Sookhdeo argues that such a civic moral system is being promoted by the Church at the expense of Christian core beliefs. "America's civil religion established at its Founding (1776) was made up of a variety of religious groups, all of which wished for freedom of religion. However, the American Founding can only be understood in terms of the Christian context in which it took place."

He cites President John Adams (1813), who asked and answered that those principles were the general principles of Christianity in which all sects were united and for which America understood itself to be in these terms well into the Twentieth Century especially in its struggles against two forms of totalitarianism -- Nazism and communism.

Sookhdeo says that American civil religion has now changed. As moral and cultural relativism (or subjectivism) became accepted, so confidence was lost in the objective truth of the "eternal and immutable" principles of Christianity. American civil religion has now been transformed into a weapon against the very truths that made it possible.
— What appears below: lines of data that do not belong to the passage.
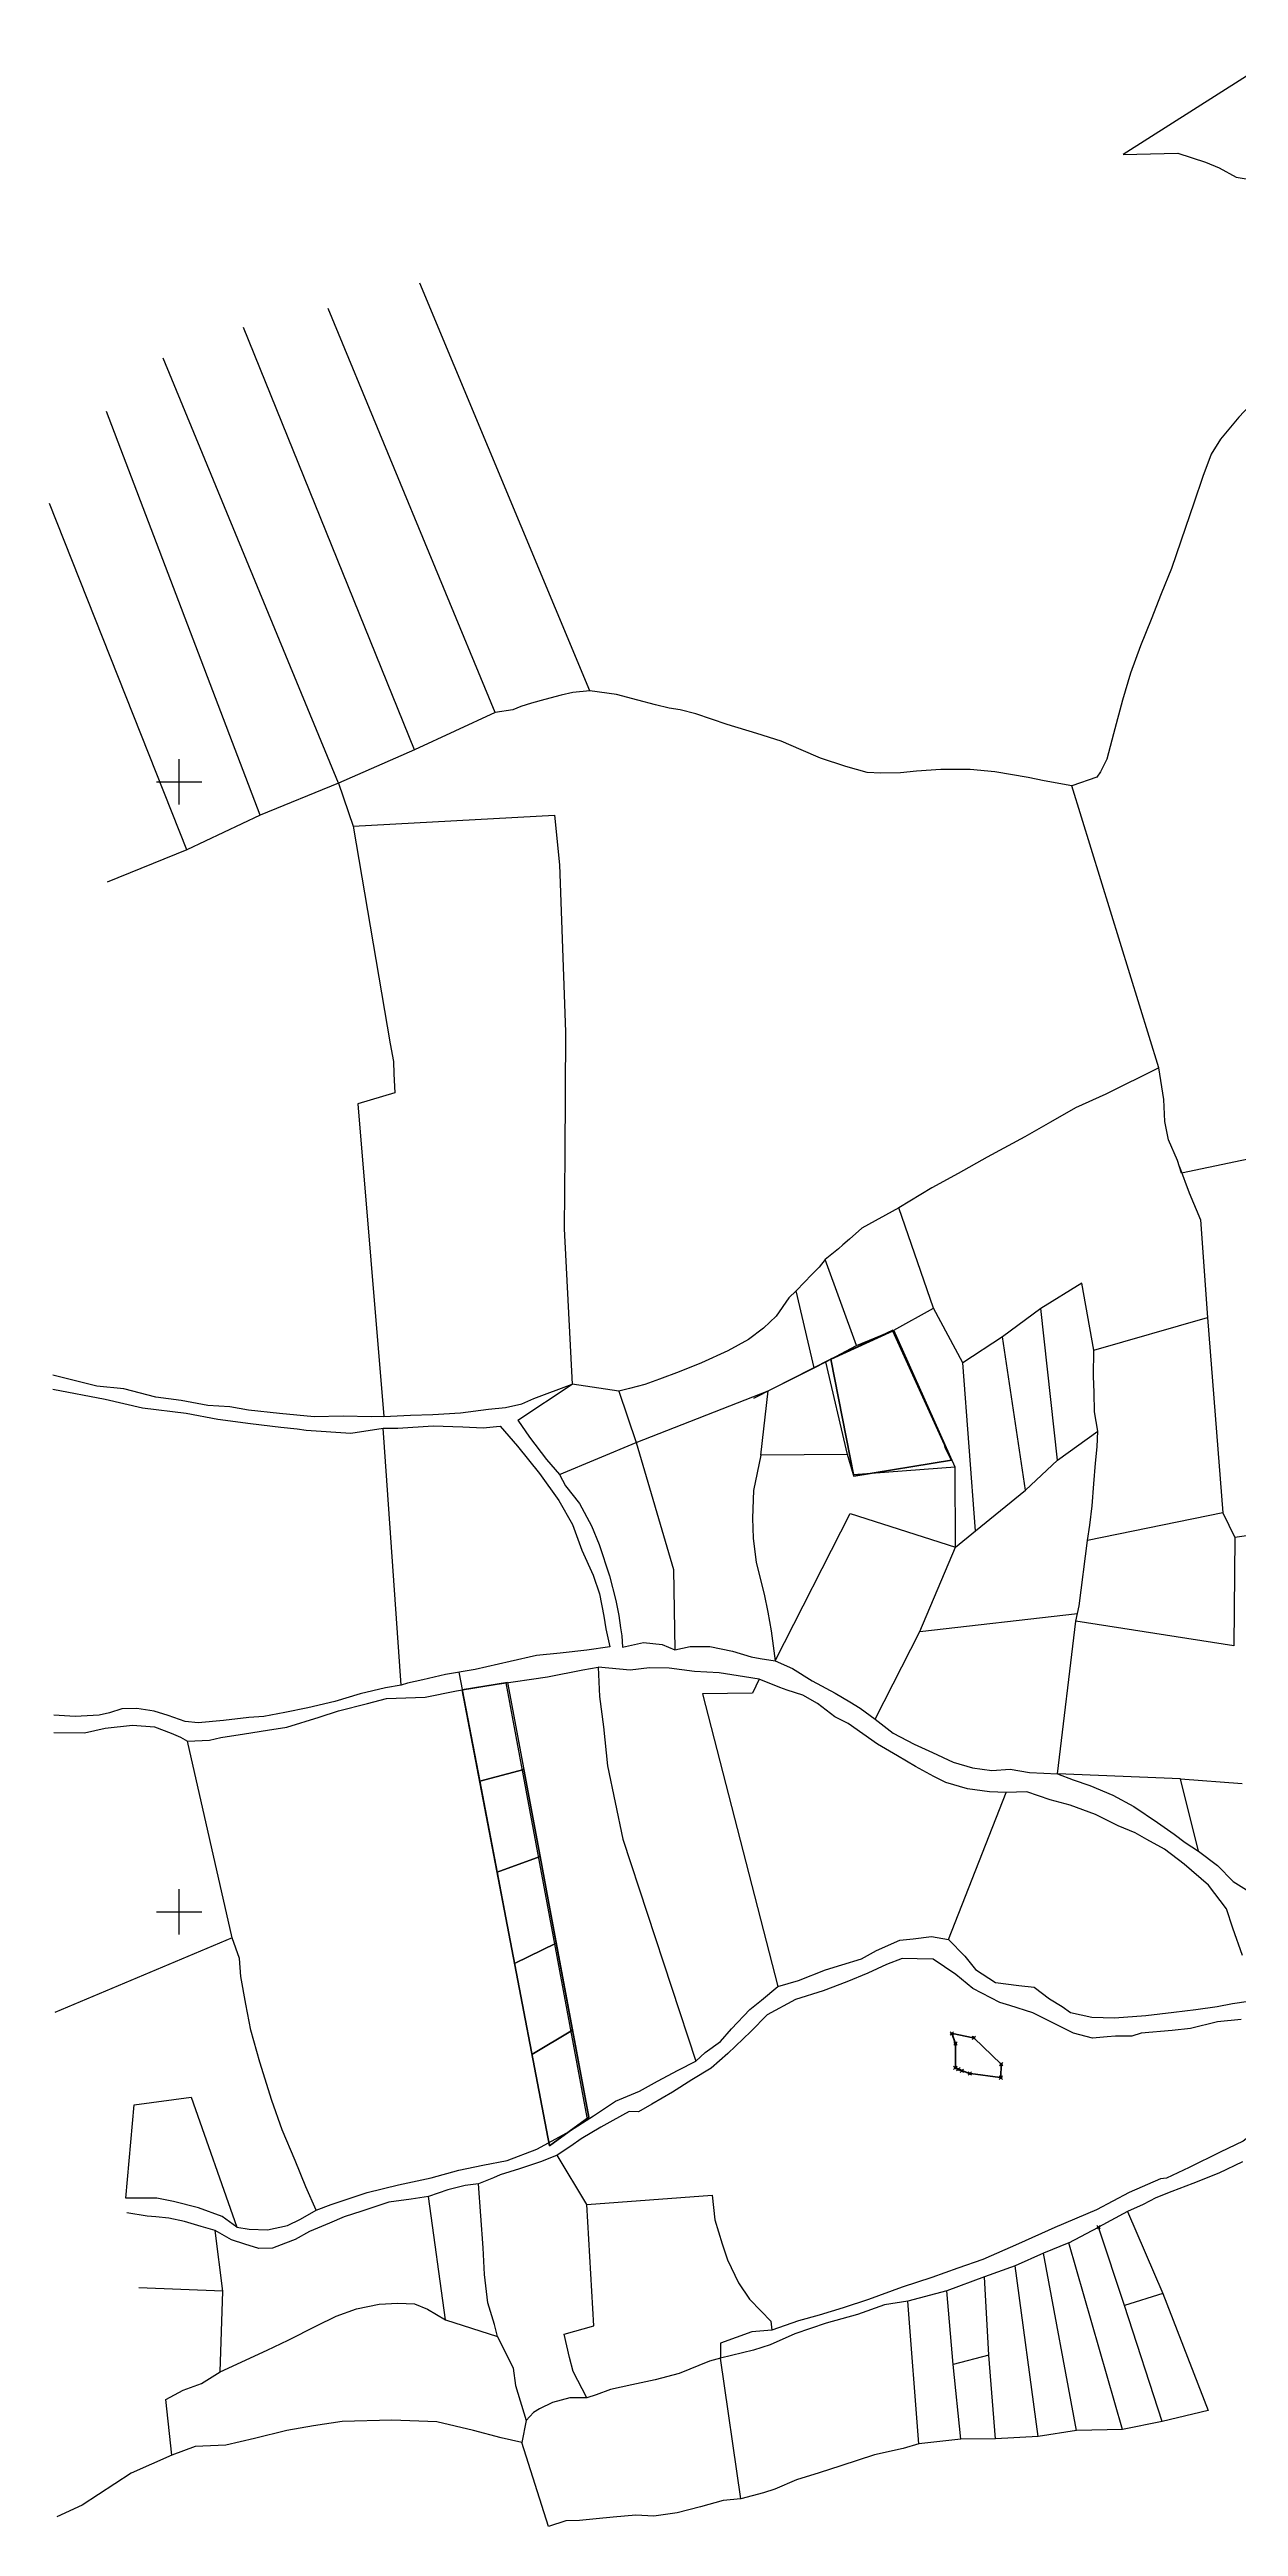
# Model space of a CAD drawing. Header units: millimetres. Extents: x 605783 to 618866, y 1302882 to 1321803.
# Drawn here: x 612127 to 613179, y 1319525 to 1321717 of the extents above; entities that cross this region are included whole.
import ezdxf
from ezdxf.enums import TextEntityAlignment as Align

# ---------------------------------------------------------------- set-up
doc = ezdxf.new("R2010")
doc.units = ezdxf.units.MM
doc.header["$PDMODE"] = 35
doc.header["$PDSIZE"] = 1.5
for name, color, linetype in [('2', 7, 'Continuous'), ('42', 7, 'Continuous'), ('CVL_CUADCON_LIN', 8, 'Continuous')]:
    doc.layers.add(name, color=color, linetype=linetype)
doc.styles.get("Standard").update_dxf_attribs({"font": 'TCCM____.TTF'})

# ---------------------------------------------------------------- blocks, each defined once
blk = doc.blocks.new('COORD')
at = {"layer": '42', "color": 2, "linetype": 'Continuous'}
for p, q in [((-2, 0), (2, 0)), ((0, -2), (0, 2))]:
    blk.add_line(p, q, dxfattribs=at)
blk = doc.blocks.new('COORD$')
at = {"layer": '42', "color": 2, "linetype": 'Continuous'}
blk.add_blockref('COORD', (0, 0), dxfattribs=at)

msp = doc.modelspace()

# ---------------------------------------------------------------- linework, layer by layer
at = {"lineweight": 40}
for points in [[(612928.57, 1319952.835), (612925.731, 1319960.741)], [(612926.052, 1319961.114), (612944.491, 1319957.445)], [(612928.682, 1319931.265), (612928.738, 1319951.865)], [(612945.343, 1319957.002), (612968.925, 1319934.494)], [(612930.866, 1319929.772), (612929.136, 1319930.558)], [(612934.054, 1319928.453), (612931.784, 1319929.377)], [(612941.112, 1319925.92), (612934.988, 1319928.097)], [(612968.452, 1319922.218), (612942.079, 1319925.688)], [(612969.273, 1319933.649), (612968.962, 1319922.653)]]:
    msp.add_lwpolyline(points, dxfattribs=at)
for centre in [(612925.562, 1319961.211), (612928.739, 1319952.365), (612944.981, 1319957.347), (612928.681, 1319930.765), (612931.321, 1319929.565), (612934.517, 1319928.265), (612941.583, 1319925.753), (612968.948, 1319922.153), (612969.287, 1319934.148)]:
    msp.add_circle(centre, 0.5, dxfattribs=at)
for p in [(612925.562, 1319961.211), (612928.739, 1319952.365), (612944.981, 1319957.347), (612928.681, 1319930.765), (612931.321, 1319929.565), (612934.517, 1319928.265), (612941.583, 1319925.753), (612968.948, 1319922.153), (612969.287, 1319934.148)]:
    msp.add_point(p)
at = {"layer": '2', "color": 1, "linetype": 'Continuous'}
for p, q in [((612605.097, 1321149.247), (612454.577, 1321510.256)), ((612521.36, 1321130.225), (612373.403, 1321487.691)), ((612449.903, 1321097.296), (612298.546, 1321471.006)), ((612382.49, 1321067.693), (612227.563, 1321443.671)), ((612313.292, 1321039.351), (612177.278, 1321396.63)), ((612248.427, 1321008.746), (612126.823, 1321315.288)), ((612521.36, 1321130.225), (612449.903, 1321097.296)), ((612449.903, 1321097.296), (612382.49, 1321067.693)), ((612382.49, 1321067.693), (612313.292, 1321039.351)), ((612382.49, 1321067.693), (612395.674, 1321029.65)), ((613108.888, 1320815.638), (613031.696, 1321065.251)), ((612313.292, 1321039.351), (612248.427, 1321008.746)), ((612395.674, 1321029.65), (612573.731, 1321039.293)), ((612248.427, 1321008.746), (612177.96, 1320980.142)), ((612909.416, 1320603.092), (612878.655, 1320691.859)), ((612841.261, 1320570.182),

The state is now being used to enforce the doctrine of humanism. C.S. Lewis had warned in 1943 that such moral subjectivism "must be the destruction of the society which accepts it."

The collapse of Christian morality in society has been partly the result of deliberate, orchestrated and intentional humanist efforts, subtle yet aggressively effective. Humanism believes that there is no God, and so it is up to humans to save themselves by creating their own morals and way of living. Unlike Christianity, humanism teaches that humans are by nature good. Humanisms does not say anything about a fallen nature that needs to be redeemed. Humanism also holds that moral standards that right for some people in some situations may be wrong for other people in other situations. This is called "situational ethics". There is no God to guide or command, so there are no absolute rights and wrongs. People can and should choose how they live and cannot be blamed for what they do. There is no such thing as sin in humanism (except the "sin" of believing in God). Humanists believe that everything can be explained by science and rational thought.

The book lays out the humanist agenda for the West, discerns future developments and offers a way forward for Christians. Several chapters provide resources for readers who want to study the subject in more depth and offer practical resources for how Christians can respond to the challenge of humanism and the new civic religion.

Dr. Sookhdeo takes a prophetic stance, calling on Christians everywhere to see the problem and properly repent. The prophets of old were not heard, ultimately despised and finally killed. Let's hope that is not the fate of Dr. Sookhdeo, and that he is not just another voice crying in the wilderness of a rapidly dying culture devoid of true faith.

I urge thoughtful Christians to buy this book. It can be useful for both private reading and in small groups.